Just about the same time the white smoke was going up in Rome announcing the election of a new pope, a triumphant cry rose from a scientific meeting 500 miles away: Habemus Higgs boson!
At a conference in the town of La Thuile, located near the Italian border with France, scientists from the European Center for Nuclear Research (CERN) said that the latest data culled from the Large Hadron Collider strongly indicate that researchers indeed discovered the Higgs boson last July.
But the book is not 100 percent closed.
“It remains an open question, however, whether this is the Higgs boson of the Standard Model of particle physics, or possibly the lightest of several bosons predicted in some theories that go beyond the Standard Model,” CERN said in a statement. “Finding the answer to this question will take time.”

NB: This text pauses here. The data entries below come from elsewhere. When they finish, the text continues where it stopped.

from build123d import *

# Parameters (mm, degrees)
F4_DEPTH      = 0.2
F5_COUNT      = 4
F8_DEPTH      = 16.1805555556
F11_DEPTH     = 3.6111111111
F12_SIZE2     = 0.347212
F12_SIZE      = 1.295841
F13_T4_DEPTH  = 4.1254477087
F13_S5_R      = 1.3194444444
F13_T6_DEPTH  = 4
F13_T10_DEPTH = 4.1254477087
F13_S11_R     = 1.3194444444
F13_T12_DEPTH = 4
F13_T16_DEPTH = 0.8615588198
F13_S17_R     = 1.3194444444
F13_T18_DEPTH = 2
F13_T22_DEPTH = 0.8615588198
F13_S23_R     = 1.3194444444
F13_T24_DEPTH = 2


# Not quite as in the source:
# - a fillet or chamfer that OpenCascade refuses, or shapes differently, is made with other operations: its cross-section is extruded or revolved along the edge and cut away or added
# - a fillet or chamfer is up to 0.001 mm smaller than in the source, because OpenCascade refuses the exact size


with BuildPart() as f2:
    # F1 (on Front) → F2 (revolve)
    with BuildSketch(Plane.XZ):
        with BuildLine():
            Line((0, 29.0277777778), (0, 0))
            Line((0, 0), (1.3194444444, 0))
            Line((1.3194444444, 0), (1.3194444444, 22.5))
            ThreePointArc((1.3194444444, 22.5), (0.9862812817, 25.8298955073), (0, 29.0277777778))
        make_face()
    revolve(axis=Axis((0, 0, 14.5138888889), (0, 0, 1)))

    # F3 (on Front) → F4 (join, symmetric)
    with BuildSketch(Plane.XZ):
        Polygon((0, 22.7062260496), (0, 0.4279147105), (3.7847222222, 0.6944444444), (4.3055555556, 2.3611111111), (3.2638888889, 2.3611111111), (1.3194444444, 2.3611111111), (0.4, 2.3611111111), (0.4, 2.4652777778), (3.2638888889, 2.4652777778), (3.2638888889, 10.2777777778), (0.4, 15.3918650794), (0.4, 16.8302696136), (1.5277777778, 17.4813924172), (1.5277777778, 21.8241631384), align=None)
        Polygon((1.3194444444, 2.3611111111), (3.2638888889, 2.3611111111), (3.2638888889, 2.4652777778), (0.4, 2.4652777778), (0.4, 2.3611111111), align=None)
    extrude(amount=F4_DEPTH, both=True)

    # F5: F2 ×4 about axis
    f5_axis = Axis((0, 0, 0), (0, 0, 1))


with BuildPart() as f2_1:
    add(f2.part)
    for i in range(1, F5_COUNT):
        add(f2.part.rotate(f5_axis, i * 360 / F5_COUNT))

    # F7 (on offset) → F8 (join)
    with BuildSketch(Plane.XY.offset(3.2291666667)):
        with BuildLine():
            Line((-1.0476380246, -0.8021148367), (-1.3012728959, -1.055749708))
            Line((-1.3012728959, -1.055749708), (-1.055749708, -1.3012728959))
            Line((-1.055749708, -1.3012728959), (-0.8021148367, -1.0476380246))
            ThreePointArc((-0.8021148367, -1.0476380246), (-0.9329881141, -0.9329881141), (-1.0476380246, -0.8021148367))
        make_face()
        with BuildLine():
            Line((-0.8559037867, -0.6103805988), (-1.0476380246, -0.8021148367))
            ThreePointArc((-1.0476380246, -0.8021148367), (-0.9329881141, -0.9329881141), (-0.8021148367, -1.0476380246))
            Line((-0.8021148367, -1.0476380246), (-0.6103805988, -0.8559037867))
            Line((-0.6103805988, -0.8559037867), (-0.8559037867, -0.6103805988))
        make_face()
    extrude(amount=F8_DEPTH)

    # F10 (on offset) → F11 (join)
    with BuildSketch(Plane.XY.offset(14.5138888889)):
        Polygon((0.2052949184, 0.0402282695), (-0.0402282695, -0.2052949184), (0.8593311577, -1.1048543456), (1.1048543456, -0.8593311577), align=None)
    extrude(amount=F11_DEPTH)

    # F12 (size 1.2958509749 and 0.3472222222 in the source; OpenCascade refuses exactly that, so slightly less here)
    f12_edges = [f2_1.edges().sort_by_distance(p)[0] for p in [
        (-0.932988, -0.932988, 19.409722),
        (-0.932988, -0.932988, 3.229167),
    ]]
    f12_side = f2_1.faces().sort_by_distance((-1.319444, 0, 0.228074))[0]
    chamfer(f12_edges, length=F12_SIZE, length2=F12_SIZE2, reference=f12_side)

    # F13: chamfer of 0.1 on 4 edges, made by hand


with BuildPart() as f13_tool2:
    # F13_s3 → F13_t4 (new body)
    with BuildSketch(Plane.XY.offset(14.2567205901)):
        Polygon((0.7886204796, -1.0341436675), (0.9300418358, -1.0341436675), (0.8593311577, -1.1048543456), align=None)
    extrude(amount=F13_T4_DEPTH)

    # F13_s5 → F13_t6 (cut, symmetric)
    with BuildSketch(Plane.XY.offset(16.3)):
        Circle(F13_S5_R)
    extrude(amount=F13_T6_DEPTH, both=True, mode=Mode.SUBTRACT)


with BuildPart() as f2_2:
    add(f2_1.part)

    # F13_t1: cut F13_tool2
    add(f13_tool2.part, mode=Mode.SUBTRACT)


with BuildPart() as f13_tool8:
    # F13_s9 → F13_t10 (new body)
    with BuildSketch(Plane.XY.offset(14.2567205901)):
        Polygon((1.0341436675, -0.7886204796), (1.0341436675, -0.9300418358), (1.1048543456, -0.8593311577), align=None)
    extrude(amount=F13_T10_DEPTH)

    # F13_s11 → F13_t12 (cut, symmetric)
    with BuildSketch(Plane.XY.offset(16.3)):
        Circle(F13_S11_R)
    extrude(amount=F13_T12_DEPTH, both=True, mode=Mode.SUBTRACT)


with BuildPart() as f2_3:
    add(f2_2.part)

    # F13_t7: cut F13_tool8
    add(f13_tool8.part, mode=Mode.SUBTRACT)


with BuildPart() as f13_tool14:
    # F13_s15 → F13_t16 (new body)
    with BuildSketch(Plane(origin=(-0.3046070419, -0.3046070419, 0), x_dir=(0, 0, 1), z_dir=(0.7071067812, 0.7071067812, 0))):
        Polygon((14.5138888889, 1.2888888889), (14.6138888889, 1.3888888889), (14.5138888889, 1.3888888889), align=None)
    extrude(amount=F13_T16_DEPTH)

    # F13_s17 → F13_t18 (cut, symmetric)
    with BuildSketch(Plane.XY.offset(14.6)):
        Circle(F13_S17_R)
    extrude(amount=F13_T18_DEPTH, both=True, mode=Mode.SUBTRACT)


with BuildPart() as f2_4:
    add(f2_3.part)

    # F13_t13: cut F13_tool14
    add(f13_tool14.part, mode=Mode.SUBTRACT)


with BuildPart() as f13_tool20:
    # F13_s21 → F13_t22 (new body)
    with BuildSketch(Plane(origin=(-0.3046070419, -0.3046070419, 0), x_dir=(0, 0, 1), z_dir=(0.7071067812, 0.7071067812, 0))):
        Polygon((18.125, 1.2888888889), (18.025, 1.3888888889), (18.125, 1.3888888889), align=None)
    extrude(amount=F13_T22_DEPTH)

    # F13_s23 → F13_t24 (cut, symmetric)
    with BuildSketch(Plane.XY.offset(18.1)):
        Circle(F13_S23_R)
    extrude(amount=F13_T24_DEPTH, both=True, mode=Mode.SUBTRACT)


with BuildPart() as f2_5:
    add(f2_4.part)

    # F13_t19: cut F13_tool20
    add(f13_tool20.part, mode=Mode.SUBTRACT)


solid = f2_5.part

The Higgs boson was first proposed as a theoretical particle in the 1960s as an answer to the question of why other subatomic particles have mass, and why electromagnetic force has a much longer range than the weak nuclear force, which is responsible for radioactive decay. The Higgs boson, sometimes nicknamed “the God particle,” is thought to be a particle with no spin or electric charge.
Researchers aligned with two of the biggest detectors at CERN, ATLAS and CMS have been sifting through measurements for the Higgs candidate, seeing if it behaves according to theoretical predictions. Most of the data indicates that the particle has no spin, and that its mirror image behaves the way it ought to, according to the Standard Model of physics.
“The preliminary results with the full 2012 data set are magnificent and to me it is clear that we are dealing with a Higgs boson, though we still have a long way to go to know what kind of Higgs boson it is,” CMS spokesperson Joe Incandela said in a statement.
To further confirm that the particle really is the Higgs boson, scientists at CERN have to measure the rate at which the boson decays into other subatomic particles. Since it takes about 1 trillion proton-proton collisions on average to even detect the particle likely to be Higgs, locking it down will still take more time and data.
Even if the candidate particle is confirmed to be the Higgs boson, it’s not the end of the story.
“While the Higgs boson discovery provides an explanation of where mass comes from, what it does not explain is how those values of mass are generated,” College of William & Mary physicist Marc Sher said back in July.
The Higgs boson is thought to generate an invisible field known as, appropriately enough, the Higgs field. Subatomic particles like protons and electrons gain mass by interacting with this field, but it's still not clear why certain kinds of particles interact differently, resulting in different masses.
In February, the LHC went offline to prepare for two years of upgrading work. When the collider boots back up in 2015, its power will nearly be doubled. But the hordes of scientists working at CERN aren’t going on vacation – they’ll still be sifting through reams and reams of data collected over the past three years.
“It’s absolutely not time off,” Dave Charlton, the deputy spokesman for ATLAS, told Nature in February.